Men with the highest level of education are expected to make 46799 dollars per year - a dollar less than what we calculated by hand. The reason it is not exactly the same is that we in our manual calculation did not include all decimals. We guess that women with the lowest level of education will earn 3575 dollars, one dollar more than in our manual calculation, again because of the decimals.


Predicted values are often interesting in order to make a more concrete connection between our model and substantial issues. It might, for example, be more pedagogial to showh how highly educated people are expected to differ from people with no school, rather than to say "the coefficient for educatinon is 8139". Sometimes it is also interesting to compare our guess with reality to say which observations that are (so to say) over-performers and under-performers.

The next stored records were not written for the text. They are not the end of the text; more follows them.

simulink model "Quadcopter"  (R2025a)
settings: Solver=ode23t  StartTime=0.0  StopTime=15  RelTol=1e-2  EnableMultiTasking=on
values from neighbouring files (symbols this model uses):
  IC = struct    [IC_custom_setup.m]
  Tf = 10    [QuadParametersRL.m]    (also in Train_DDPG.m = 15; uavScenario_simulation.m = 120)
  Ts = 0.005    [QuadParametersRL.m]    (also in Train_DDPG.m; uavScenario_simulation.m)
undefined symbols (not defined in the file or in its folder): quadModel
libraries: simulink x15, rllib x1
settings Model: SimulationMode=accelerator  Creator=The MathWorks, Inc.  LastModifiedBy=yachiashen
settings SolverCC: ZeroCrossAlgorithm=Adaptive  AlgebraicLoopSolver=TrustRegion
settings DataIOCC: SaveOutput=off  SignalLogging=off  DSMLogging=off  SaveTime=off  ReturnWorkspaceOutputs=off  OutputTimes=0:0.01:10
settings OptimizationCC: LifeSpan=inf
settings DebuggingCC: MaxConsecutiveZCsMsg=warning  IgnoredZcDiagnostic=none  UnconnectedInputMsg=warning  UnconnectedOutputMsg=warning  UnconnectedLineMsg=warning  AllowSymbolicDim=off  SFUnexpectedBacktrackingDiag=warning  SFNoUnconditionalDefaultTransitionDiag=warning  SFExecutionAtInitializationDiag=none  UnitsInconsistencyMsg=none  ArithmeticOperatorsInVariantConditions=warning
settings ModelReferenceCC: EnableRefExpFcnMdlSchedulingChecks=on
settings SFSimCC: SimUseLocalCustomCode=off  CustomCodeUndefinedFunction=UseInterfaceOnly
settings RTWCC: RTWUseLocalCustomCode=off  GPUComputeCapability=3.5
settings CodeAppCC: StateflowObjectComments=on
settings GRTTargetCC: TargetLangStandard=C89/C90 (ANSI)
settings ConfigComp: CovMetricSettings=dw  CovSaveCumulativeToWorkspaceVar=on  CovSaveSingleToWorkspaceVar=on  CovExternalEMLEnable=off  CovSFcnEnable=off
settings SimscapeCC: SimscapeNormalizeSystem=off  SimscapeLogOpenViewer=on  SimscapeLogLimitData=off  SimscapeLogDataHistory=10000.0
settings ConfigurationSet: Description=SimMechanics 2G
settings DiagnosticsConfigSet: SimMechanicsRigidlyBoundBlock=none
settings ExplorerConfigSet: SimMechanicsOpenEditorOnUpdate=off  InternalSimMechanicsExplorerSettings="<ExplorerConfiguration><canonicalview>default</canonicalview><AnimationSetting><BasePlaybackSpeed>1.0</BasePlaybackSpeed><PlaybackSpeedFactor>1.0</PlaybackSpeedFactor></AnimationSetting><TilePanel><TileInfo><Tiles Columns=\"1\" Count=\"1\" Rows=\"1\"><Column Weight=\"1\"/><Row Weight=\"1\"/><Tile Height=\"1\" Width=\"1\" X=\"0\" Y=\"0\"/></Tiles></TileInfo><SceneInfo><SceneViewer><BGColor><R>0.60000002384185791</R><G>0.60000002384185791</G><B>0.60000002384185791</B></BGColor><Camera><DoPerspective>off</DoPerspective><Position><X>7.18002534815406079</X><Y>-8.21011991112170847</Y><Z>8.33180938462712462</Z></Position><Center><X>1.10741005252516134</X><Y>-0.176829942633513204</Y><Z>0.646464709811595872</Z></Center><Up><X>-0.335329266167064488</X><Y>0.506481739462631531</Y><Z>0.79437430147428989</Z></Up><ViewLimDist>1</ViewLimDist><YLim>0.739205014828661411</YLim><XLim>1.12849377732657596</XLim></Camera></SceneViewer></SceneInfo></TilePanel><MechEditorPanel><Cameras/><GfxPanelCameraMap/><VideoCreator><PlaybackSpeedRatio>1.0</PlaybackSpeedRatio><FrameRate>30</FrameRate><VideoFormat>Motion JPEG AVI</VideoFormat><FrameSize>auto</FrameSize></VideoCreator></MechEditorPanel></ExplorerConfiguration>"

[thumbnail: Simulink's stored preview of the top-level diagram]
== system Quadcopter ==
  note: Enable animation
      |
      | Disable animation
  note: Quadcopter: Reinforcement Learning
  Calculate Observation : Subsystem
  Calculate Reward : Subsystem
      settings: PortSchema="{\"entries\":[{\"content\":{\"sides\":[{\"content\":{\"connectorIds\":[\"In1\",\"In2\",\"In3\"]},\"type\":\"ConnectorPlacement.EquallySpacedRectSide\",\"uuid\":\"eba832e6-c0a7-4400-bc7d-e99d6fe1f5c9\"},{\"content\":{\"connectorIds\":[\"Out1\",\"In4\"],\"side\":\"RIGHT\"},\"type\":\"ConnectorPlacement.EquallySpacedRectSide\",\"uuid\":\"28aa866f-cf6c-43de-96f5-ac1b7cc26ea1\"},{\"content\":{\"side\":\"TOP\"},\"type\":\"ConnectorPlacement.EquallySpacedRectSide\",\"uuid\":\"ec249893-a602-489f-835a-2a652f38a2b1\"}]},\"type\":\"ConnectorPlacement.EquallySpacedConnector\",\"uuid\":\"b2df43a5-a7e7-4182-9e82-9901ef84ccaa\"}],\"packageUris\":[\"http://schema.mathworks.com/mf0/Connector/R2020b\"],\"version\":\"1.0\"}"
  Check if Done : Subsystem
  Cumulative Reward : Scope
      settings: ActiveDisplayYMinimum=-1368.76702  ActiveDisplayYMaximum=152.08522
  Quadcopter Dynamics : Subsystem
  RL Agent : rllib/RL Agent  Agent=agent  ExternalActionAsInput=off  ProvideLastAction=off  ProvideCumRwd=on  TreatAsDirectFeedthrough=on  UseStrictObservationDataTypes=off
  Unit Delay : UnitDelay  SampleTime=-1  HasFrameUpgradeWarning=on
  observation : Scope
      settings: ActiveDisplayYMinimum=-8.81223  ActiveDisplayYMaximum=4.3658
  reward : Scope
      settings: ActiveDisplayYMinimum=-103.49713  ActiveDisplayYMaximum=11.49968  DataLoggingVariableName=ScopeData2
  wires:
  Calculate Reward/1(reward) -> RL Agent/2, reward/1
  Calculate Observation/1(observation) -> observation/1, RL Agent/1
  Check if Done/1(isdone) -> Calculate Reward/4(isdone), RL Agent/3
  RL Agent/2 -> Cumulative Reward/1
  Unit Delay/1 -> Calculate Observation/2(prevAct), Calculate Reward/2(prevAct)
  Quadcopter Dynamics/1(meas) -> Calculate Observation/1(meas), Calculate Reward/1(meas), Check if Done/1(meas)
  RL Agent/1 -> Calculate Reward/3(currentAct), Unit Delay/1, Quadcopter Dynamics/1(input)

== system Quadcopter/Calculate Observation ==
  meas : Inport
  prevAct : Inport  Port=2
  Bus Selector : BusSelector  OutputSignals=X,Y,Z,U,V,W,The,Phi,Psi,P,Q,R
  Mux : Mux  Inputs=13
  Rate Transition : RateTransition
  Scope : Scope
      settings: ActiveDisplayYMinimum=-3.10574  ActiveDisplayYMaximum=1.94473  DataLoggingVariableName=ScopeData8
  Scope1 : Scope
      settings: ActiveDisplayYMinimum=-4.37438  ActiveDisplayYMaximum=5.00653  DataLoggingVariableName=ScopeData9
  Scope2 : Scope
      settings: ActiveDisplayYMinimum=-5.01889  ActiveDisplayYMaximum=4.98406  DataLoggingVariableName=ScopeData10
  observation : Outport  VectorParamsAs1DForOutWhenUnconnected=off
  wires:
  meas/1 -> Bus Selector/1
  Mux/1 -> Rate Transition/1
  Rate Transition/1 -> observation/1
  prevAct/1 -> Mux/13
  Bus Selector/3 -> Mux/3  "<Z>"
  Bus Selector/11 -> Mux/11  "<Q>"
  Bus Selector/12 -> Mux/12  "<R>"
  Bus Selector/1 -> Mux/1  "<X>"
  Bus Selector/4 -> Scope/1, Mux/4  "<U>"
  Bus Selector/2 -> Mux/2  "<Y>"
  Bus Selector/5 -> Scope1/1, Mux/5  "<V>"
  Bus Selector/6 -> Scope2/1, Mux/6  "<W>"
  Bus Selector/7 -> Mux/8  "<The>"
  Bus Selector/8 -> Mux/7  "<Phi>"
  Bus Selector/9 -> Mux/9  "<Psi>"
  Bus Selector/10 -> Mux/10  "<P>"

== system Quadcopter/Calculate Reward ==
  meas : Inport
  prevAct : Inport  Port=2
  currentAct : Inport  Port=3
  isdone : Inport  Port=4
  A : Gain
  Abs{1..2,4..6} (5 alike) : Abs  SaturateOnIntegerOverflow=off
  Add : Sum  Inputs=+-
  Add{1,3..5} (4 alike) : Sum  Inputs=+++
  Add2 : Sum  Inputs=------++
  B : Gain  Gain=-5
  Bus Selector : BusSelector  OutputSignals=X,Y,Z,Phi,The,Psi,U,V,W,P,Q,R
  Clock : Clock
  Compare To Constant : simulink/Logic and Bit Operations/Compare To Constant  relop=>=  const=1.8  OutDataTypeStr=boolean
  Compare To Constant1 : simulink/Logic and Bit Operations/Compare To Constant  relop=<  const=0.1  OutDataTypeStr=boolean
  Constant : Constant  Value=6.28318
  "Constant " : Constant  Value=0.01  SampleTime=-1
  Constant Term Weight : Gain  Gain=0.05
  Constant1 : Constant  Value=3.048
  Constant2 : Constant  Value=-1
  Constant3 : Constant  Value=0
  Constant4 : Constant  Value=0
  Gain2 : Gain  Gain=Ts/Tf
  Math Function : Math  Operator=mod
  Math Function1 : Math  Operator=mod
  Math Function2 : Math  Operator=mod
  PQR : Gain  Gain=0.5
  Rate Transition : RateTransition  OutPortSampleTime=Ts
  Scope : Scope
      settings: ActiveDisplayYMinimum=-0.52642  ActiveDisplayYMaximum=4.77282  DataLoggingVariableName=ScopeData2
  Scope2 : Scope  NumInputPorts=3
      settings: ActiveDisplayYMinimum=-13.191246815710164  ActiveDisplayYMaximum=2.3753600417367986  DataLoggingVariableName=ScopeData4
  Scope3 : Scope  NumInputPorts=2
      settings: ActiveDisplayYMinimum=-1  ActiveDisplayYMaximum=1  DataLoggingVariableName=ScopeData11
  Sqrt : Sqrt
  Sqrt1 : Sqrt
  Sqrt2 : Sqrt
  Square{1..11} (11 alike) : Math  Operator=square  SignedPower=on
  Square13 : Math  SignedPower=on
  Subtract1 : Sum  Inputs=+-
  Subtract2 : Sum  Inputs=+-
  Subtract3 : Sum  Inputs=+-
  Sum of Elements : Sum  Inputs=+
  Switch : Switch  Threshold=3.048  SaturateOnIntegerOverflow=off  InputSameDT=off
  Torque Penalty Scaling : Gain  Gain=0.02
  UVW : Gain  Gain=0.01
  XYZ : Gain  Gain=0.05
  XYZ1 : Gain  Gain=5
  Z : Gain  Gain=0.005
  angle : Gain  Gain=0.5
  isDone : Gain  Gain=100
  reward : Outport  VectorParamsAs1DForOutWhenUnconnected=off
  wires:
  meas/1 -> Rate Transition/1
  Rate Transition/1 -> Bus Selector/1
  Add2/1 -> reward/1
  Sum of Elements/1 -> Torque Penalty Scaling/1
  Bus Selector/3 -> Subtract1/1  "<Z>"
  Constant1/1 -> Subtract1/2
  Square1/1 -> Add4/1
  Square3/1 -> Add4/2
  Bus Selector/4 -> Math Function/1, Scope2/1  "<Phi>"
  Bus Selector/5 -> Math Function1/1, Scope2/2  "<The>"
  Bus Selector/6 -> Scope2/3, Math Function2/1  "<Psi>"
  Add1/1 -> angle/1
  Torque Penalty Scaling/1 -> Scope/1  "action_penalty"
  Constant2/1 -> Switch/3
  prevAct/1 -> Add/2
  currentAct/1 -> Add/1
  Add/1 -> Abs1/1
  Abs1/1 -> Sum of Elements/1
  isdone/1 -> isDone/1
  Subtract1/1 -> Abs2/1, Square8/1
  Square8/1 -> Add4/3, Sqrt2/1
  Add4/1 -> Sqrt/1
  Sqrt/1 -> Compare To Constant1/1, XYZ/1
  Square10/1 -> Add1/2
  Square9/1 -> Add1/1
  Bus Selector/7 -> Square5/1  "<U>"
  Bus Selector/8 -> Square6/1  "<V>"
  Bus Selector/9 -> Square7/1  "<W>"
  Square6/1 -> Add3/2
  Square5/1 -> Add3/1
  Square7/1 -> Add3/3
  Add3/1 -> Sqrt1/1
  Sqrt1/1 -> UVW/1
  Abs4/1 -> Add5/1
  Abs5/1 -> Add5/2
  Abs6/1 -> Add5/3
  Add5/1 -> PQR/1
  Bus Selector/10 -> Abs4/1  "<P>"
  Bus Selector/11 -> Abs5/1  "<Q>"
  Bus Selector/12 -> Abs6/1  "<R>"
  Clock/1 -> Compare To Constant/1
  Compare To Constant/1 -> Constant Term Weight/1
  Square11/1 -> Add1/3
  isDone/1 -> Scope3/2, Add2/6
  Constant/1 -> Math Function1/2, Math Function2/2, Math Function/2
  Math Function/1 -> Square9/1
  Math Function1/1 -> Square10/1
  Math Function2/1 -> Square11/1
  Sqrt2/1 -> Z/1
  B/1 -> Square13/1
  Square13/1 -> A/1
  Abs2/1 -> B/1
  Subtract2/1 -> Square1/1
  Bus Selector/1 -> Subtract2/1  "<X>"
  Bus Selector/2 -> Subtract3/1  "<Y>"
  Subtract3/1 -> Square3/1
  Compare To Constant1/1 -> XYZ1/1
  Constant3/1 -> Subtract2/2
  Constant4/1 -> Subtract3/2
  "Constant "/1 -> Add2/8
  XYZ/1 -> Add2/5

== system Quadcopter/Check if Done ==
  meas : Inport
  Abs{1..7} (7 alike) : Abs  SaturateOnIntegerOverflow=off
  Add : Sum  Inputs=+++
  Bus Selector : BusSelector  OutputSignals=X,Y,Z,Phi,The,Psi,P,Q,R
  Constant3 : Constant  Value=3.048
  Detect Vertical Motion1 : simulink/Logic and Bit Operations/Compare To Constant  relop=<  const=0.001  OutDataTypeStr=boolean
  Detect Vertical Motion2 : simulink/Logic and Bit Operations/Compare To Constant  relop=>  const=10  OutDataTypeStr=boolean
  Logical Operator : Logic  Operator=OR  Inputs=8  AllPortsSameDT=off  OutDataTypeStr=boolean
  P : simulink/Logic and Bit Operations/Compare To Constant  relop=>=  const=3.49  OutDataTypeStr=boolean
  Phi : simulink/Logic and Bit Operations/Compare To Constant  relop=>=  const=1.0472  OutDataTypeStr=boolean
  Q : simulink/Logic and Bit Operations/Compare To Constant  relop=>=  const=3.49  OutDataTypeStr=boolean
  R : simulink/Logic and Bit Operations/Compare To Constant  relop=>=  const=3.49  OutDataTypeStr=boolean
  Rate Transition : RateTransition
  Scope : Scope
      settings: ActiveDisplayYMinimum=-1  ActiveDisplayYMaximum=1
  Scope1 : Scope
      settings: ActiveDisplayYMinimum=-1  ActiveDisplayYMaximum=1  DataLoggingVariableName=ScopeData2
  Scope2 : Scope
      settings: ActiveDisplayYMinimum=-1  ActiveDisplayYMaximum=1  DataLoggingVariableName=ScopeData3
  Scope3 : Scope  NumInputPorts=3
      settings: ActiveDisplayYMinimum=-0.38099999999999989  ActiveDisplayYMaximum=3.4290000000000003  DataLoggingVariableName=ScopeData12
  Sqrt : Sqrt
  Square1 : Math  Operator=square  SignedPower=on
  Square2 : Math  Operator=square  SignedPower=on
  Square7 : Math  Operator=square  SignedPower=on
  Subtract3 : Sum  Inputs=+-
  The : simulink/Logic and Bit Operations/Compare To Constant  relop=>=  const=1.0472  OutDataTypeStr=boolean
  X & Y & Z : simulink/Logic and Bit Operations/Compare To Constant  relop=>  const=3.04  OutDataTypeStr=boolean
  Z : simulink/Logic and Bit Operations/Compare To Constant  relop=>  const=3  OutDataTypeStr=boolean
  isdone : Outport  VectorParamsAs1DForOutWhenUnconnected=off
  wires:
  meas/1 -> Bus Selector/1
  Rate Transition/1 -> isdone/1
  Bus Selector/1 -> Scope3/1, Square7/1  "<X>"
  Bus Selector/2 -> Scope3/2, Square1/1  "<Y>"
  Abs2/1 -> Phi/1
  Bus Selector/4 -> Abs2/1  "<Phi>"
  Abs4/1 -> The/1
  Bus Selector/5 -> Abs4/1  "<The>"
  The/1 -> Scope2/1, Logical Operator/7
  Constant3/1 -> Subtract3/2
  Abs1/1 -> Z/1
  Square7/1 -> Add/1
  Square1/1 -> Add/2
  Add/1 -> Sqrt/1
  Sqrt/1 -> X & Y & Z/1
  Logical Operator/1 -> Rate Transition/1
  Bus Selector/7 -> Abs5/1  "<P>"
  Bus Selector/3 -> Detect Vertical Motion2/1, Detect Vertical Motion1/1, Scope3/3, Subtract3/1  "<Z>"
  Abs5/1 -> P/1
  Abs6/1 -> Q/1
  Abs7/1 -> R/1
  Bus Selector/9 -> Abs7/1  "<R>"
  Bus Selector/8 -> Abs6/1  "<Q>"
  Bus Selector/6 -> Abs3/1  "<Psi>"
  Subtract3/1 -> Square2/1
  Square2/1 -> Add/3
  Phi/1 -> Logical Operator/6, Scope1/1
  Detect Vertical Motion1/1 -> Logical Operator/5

The equation can be expanded as needed, dependning on the number of variables we have. In this example we only had two variables, education and sex. If we for instance would add age the equation would be slightly longer:

$iincome_i = \alpha+ \beta_1education_i + \beta_2sex_i + \beta_3age_i + \epsilon_i$

The aim of a regression analysis is, to summarize, to try to estimate what the best values of $\alpha$, $\beta_1$, $\beta_2$ and $\beta_3$ might be, and this is (among other things) whas is showed in the regression table after a regression analysis.

Finally, the equation can also be used to make guesses where we don't have the correct answers. For instance, it is easy to make a model that shows how results in presidential elections are affected by economic growth, the popularity of the president, and more. We then of course use historical data when we construct the model. But then we can add current data into the equation, and get an informed guess about what will happen after the next election. The procedure is just the same.